[Activity]
Among the lines of the records, please find those that contain the word "neural" and copy them.

Material provided Block Start

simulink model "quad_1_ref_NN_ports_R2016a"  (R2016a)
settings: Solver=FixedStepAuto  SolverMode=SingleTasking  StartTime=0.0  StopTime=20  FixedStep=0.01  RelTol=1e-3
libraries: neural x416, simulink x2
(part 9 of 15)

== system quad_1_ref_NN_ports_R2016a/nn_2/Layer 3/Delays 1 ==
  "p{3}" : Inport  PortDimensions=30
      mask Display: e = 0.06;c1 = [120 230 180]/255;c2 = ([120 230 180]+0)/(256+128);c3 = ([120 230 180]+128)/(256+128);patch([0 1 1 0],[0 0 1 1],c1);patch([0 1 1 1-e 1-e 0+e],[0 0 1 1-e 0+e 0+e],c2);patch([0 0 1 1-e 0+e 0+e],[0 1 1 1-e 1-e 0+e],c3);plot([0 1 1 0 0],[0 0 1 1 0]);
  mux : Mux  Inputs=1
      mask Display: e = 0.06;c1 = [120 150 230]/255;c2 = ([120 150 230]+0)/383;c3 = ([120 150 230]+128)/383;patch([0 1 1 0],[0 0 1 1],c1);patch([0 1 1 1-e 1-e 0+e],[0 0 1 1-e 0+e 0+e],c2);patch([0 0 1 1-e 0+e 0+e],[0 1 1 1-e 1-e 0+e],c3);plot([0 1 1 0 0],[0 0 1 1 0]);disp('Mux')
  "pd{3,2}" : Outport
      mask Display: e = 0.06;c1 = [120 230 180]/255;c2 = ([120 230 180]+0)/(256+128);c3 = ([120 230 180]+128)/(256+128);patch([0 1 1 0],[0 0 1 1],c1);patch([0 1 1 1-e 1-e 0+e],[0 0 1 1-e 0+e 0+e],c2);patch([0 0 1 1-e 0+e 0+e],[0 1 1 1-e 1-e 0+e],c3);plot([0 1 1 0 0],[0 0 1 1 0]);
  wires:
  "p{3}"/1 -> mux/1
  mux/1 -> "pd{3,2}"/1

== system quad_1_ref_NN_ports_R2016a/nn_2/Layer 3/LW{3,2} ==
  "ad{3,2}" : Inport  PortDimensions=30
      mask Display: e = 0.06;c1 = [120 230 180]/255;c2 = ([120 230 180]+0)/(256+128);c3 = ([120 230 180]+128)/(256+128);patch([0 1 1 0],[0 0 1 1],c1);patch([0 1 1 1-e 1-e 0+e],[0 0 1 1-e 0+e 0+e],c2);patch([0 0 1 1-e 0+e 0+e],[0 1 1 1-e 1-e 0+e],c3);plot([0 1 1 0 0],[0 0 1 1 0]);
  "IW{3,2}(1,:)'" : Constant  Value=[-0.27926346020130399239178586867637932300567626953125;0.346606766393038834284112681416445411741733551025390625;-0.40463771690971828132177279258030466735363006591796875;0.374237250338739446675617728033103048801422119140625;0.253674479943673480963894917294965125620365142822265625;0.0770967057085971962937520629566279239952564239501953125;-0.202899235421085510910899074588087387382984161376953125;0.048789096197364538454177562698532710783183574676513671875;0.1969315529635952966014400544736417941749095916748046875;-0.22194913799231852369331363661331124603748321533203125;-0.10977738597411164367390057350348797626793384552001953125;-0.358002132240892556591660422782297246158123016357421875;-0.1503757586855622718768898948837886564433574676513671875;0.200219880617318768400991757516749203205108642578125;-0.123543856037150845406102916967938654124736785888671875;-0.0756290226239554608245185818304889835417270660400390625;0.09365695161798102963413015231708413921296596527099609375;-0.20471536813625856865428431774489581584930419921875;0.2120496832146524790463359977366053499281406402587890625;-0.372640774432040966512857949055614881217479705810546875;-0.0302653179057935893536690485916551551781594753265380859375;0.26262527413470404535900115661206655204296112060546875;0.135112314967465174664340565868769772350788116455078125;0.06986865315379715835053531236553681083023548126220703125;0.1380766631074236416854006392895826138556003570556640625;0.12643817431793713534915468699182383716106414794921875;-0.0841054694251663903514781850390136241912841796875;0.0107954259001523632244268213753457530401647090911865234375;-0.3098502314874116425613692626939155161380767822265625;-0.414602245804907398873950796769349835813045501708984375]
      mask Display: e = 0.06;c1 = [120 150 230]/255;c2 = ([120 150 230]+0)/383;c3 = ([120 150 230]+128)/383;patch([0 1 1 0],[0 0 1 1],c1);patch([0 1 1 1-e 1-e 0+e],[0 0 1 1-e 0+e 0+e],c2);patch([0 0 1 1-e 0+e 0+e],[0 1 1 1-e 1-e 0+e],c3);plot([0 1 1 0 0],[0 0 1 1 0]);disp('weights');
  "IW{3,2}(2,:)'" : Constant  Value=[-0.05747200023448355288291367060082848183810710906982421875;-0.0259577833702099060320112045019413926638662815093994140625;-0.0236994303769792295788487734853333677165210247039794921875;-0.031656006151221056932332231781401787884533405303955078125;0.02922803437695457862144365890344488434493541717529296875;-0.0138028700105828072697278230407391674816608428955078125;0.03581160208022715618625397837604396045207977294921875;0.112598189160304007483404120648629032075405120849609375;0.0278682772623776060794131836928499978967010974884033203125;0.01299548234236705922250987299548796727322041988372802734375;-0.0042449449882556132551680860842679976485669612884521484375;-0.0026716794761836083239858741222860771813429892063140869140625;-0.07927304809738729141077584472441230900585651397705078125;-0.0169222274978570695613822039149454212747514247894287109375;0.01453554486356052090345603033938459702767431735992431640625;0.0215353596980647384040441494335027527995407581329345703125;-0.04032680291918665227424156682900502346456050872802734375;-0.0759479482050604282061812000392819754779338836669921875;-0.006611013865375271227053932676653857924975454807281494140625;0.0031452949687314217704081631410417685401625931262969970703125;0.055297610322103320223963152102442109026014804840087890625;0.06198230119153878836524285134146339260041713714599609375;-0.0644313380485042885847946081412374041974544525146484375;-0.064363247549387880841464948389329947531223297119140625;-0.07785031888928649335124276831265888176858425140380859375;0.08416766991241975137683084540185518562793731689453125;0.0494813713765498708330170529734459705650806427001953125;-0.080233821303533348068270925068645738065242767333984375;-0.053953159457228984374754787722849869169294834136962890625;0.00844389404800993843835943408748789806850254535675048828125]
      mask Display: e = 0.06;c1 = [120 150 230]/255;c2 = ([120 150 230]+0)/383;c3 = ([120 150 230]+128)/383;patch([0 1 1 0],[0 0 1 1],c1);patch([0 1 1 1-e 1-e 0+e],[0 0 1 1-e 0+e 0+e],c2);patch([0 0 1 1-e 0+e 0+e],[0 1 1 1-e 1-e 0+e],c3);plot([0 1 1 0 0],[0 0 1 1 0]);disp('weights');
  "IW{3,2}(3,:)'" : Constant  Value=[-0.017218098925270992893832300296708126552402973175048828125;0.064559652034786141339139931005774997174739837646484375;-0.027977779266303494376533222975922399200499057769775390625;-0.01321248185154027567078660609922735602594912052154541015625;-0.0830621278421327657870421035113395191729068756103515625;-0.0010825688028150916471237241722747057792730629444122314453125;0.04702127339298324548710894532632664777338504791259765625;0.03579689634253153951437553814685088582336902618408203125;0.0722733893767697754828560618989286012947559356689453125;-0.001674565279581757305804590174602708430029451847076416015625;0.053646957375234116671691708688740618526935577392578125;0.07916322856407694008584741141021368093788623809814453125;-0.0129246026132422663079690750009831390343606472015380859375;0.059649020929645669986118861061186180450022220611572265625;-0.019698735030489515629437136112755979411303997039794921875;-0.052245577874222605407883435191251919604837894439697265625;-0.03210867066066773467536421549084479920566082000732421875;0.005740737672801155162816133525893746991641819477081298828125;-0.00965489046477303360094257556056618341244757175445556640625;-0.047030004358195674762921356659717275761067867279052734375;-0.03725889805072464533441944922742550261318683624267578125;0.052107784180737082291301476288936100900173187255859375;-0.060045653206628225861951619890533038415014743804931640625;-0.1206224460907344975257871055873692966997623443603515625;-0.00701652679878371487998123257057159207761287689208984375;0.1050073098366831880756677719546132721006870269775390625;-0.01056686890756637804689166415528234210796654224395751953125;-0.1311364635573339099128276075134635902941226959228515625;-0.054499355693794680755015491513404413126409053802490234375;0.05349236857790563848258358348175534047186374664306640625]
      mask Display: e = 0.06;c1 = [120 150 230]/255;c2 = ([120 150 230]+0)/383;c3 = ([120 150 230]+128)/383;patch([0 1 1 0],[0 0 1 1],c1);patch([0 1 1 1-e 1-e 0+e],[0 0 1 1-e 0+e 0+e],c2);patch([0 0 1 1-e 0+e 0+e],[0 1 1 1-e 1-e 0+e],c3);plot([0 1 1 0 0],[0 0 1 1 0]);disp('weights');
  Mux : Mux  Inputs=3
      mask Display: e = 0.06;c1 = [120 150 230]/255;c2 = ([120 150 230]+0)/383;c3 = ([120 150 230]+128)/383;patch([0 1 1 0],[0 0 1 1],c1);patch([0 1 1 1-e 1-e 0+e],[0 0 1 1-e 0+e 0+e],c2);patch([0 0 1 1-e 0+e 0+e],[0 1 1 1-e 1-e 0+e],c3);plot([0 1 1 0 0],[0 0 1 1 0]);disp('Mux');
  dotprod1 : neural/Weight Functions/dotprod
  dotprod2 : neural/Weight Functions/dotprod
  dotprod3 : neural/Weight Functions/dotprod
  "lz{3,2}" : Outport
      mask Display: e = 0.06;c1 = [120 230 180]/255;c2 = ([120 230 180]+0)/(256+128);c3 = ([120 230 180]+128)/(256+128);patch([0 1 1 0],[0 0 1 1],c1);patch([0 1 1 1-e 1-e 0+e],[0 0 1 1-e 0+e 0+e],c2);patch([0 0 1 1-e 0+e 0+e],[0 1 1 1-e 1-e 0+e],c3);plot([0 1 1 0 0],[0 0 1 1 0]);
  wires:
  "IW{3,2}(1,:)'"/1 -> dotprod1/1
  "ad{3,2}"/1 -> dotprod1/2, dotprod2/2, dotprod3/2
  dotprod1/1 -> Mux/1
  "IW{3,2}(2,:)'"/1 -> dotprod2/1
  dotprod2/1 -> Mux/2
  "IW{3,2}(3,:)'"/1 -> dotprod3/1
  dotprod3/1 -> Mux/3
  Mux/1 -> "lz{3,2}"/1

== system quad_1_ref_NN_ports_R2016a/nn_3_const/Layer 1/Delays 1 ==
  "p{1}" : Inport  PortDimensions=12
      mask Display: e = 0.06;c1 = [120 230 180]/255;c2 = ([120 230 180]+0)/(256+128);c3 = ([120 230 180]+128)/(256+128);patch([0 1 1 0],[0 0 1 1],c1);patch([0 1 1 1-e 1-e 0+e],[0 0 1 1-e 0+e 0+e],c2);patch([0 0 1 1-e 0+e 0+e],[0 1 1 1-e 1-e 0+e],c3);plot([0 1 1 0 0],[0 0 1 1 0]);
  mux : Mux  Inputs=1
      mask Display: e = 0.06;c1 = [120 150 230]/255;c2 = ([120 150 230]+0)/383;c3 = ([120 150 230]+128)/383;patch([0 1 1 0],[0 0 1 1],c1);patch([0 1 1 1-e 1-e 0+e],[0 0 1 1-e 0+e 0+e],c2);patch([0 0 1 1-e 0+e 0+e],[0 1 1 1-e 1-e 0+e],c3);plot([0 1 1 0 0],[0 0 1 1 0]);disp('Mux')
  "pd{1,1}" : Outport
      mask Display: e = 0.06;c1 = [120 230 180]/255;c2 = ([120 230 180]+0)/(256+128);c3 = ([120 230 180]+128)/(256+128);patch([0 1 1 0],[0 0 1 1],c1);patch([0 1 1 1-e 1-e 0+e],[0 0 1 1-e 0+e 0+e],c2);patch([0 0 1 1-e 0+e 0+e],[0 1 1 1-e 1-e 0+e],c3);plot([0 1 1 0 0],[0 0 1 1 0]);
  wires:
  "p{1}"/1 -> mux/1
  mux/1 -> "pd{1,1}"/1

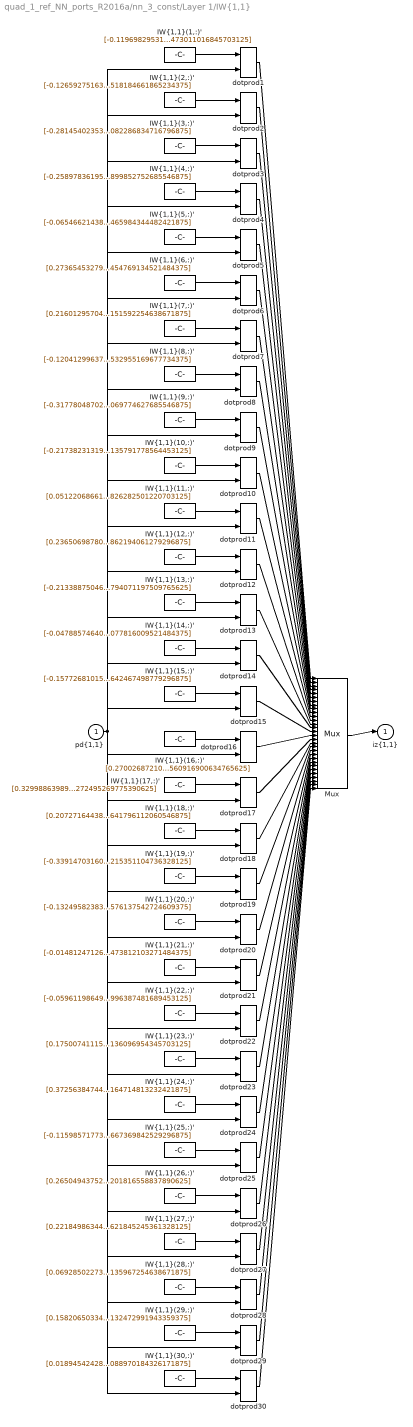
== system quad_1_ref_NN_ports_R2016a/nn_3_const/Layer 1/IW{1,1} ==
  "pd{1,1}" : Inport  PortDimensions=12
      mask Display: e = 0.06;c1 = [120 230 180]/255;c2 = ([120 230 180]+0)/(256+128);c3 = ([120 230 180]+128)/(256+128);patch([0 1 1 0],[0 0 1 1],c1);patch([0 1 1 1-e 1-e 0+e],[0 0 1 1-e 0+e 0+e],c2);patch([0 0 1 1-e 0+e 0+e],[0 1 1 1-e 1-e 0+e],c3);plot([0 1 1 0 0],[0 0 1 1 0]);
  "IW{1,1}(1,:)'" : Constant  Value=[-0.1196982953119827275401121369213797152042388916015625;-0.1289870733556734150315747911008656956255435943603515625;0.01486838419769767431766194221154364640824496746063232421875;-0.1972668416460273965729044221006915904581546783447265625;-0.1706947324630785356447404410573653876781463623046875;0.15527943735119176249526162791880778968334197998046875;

Material provided Block End

[Output below]
libraries: neural x416, simulink x2
  dotprod1 : neural/Weight Functions/dotprod
  dotprod2 : neural/Weight Functions/dotprod
  dotprod3 : neural/Weight Functions/dotprod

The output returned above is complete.